Search the entries for lines that contain the word "ezdxf", and report each one found.
-------- THE RECORDS
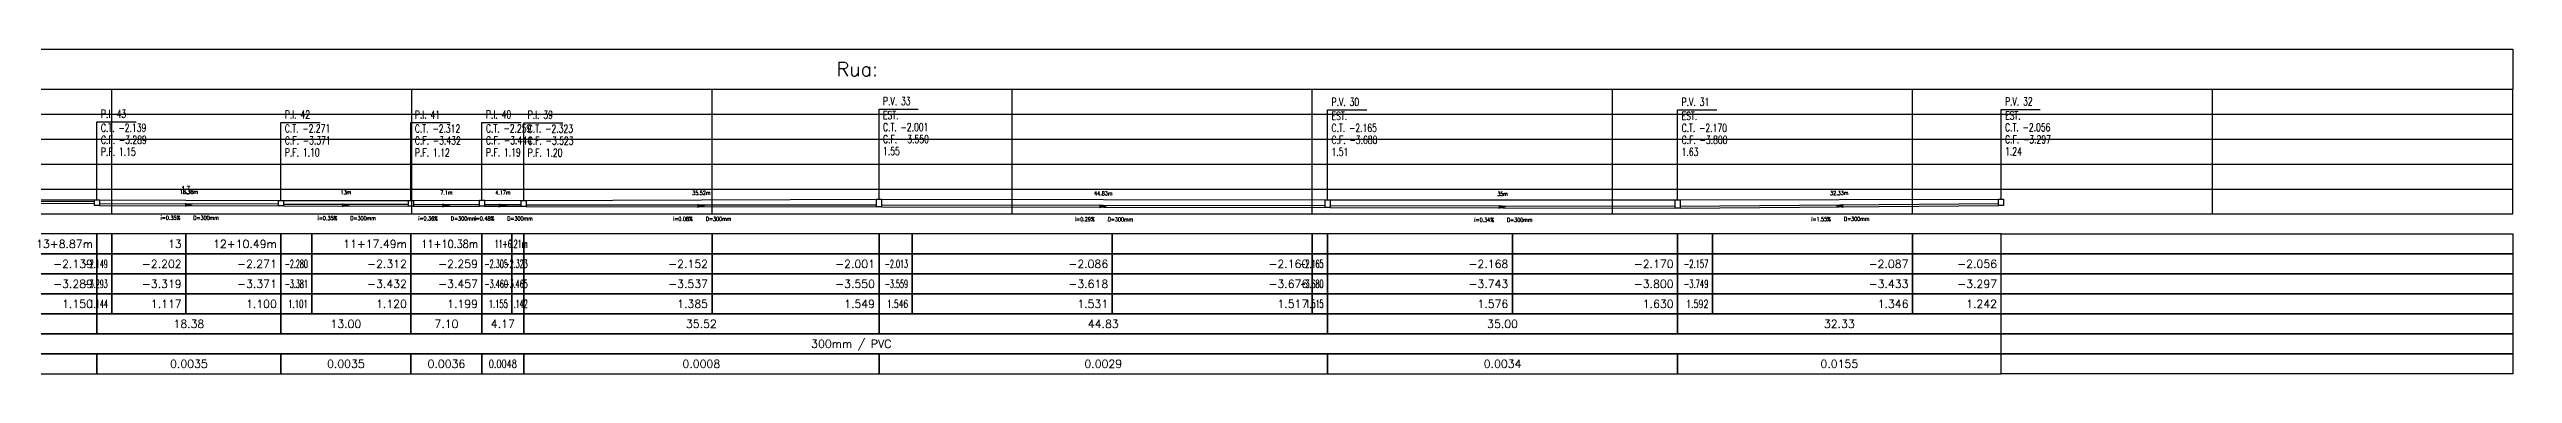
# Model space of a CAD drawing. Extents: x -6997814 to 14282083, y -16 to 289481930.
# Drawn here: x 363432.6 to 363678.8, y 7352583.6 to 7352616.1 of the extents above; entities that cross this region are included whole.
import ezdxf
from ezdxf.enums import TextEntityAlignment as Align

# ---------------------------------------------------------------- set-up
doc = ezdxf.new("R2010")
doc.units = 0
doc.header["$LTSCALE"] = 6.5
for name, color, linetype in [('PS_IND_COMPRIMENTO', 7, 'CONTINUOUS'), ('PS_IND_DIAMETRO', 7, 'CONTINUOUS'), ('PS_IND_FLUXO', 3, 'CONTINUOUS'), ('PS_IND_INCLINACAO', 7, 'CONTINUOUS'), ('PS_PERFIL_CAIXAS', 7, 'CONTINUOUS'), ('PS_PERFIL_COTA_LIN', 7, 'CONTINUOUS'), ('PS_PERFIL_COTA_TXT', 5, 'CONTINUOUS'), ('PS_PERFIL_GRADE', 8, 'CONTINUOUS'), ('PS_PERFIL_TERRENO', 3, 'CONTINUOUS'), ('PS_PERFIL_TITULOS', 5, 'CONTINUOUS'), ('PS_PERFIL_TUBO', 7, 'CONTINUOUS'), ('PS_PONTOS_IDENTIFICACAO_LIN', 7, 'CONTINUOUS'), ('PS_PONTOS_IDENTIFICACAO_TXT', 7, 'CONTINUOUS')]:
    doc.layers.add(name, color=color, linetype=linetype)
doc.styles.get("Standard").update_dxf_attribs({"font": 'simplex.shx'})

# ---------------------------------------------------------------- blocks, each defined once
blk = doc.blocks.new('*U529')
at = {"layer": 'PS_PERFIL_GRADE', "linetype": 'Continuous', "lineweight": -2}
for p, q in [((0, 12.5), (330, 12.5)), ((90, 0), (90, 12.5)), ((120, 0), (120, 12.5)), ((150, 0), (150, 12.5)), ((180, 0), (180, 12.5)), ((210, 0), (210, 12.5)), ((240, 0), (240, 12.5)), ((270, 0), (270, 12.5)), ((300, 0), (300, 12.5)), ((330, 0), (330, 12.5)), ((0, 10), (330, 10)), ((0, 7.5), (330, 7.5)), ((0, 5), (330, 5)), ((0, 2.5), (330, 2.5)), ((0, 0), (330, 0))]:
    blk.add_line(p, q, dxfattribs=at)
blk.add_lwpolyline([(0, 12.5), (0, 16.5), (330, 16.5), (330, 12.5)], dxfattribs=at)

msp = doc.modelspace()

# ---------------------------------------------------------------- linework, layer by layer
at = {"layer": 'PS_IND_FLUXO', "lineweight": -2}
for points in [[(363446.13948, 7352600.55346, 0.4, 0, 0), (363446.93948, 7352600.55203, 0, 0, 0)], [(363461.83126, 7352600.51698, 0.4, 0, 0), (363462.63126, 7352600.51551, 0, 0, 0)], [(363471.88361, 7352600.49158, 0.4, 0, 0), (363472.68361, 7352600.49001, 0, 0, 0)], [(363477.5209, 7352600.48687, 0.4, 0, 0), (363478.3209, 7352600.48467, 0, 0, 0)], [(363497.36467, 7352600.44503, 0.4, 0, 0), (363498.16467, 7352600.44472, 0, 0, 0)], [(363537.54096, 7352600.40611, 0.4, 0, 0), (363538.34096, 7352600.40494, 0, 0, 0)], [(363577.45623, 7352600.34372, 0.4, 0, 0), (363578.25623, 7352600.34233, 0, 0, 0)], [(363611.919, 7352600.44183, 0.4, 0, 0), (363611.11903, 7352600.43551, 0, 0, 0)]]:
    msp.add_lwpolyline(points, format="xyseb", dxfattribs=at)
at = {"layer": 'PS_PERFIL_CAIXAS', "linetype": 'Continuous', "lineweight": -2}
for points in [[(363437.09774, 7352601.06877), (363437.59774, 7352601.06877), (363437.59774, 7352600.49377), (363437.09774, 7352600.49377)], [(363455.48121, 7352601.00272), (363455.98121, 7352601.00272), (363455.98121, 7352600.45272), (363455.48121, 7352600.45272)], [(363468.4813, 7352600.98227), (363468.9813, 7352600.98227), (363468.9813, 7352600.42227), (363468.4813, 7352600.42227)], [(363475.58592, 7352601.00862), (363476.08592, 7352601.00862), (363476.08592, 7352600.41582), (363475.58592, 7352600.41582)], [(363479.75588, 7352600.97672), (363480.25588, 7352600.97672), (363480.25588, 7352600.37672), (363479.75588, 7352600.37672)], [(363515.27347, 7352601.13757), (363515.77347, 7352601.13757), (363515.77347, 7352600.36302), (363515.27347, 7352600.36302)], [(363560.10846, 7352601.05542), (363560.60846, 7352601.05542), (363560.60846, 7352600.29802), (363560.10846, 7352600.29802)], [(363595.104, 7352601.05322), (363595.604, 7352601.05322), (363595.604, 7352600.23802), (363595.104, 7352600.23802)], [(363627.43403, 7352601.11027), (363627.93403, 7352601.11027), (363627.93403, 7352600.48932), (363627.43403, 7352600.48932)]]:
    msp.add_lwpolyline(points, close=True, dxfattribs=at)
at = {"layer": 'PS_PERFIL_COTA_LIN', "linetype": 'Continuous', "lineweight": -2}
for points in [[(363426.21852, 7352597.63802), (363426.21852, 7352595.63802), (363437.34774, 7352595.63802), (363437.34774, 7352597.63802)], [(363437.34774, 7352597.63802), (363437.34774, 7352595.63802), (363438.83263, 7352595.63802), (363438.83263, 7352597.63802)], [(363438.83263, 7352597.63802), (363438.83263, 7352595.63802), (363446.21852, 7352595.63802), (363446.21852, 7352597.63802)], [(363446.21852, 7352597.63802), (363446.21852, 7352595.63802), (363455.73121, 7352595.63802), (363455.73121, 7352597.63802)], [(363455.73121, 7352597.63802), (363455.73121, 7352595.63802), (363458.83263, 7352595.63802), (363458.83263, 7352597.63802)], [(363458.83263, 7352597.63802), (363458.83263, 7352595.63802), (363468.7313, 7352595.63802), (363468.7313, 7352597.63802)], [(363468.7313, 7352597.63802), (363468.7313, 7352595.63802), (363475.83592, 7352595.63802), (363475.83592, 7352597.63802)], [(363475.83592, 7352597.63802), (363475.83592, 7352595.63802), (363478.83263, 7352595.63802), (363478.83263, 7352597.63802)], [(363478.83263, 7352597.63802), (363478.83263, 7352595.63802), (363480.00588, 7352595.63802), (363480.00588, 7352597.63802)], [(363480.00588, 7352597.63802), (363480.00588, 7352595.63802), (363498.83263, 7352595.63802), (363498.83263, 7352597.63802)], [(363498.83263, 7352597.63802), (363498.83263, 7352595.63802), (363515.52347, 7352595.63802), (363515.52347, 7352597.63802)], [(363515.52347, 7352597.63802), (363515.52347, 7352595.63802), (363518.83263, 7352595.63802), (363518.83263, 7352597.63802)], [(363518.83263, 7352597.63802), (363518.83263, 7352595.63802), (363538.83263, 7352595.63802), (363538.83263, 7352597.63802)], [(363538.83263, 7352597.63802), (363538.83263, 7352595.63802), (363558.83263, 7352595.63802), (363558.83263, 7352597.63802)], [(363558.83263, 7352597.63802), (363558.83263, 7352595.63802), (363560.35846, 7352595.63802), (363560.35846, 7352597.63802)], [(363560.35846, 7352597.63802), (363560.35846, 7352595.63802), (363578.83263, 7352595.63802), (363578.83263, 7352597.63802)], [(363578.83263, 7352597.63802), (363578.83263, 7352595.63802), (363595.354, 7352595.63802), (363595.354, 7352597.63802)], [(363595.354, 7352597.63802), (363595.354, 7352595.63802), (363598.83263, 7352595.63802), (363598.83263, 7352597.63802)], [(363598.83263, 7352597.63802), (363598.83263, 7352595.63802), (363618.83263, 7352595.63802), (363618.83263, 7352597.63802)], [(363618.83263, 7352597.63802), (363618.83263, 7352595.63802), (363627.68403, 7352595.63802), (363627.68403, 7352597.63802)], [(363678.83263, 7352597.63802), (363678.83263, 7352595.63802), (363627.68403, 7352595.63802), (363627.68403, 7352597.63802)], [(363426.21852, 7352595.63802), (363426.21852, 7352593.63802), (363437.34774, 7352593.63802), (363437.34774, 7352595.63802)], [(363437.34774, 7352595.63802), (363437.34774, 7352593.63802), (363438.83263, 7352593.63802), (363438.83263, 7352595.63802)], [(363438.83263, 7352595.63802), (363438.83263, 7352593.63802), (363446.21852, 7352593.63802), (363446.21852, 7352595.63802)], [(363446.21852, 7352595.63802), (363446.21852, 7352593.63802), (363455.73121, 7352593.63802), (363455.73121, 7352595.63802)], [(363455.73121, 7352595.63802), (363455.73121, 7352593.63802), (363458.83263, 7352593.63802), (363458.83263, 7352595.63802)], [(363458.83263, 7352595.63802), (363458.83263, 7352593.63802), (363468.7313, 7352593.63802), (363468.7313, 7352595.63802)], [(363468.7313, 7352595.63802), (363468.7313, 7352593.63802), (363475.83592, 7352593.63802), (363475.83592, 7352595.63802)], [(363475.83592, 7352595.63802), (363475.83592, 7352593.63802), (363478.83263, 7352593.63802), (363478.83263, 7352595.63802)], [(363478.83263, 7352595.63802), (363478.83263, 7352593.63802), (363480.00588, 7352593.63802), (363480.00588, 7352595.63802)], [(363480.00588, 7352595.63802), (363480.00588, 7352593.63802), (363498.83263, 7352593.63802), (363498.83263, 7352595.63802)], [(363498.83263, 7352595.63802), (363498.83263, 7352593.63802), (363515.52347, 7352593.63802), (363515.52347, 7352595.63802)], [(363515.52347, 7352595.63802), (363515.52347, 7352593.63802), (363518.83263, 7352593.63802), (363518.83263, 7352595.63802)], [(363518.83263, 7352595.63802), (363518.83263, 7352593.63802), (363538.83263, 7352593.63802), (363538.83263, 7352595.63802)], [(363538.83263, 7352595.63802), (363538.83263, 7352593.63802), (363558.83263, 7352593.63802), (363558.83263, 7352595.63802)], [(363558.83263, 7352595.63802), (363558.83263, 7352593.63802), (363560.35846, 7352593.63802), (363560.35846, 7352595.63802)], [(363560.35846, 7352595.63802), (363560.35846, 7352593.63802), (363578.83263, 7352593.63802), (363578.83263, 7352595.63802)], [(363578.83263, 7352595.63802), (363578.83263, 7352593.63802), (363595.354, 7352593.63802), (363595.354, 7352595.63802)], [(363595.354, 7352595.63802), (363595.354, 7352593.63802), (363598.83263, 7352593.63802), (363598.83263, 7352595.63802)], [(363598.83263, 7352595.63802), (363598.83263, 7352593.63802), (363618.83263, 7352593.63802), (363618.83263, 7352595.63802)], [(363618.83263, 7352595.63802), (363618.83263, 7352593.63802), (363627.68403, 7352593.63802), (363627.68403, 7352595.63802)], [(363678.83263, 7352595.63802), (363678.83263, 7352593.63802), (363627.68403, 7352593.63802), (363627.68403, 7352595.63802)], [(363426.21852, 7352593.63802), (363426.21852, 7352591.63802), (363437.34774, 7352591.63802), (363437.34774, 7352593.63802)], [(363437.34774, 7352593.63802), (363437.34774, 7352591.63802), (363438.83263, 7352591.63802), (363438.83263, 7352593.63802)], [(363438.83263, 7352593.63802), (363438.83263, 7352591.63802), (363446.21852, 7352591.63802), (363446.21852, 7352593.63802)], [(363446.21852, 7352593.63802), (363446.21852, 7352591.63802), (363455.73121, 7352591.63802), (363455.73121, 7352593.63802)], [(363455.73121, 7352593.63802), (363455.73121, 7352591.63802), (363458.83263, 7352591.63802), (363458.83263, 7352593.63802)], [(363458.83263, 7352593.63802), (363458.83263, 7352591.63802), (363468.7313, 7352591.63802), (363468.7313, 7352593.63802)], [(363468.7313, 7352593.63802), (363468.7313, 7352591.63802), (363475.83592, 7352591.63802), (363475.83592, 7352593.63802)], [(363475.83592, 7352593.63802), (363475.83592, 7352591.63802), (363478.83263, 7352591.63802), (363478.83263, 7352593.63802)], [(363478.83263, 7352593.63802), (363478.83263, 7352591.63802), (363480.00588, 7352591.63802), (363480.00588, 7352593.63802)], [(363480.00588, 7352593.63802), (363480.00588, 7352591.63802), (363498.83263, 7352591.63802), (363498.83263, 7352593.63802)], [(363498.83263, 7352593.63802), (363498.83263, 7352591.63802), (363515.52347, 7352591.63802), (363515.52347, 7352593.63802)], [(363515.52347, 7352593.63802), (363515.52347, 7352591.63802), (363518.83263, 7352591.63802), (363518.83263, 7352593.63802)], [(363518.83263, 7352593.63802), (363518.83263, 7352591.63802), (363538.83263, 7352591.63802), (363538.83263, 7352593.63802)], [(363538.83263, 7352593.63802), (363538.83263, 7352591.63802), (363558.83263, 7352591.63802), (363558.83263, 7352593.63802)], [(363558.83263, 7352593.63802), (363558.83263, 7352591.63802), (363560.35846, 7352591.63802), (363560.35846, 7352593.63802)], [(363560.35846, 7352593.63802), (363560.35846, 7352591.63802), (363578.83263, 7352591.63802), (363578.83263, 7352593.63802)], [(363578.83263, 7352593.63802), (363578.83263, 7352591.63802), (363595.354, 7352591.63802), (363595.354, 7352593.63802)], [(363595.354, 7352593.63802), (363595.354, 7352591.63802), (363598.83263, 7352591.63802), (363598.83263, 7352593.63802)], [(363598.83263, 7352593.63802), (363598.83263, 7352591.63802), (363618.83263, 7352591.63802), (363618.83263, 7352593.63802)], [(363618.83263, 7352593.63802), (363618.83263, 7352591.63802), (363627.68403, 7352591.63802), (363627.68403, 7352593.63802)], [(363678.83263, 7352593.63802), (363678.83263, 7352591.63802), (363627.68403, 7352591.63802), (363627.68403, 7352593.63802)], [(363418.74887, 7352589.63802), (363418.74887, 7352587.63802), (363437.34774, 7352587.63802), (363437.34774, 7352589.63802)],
----------------
TASK RESPONSE:
import ezdxf
from ezdxf.enums import TextEntityAlignment as Align
doc = ezdxf.new("R2010")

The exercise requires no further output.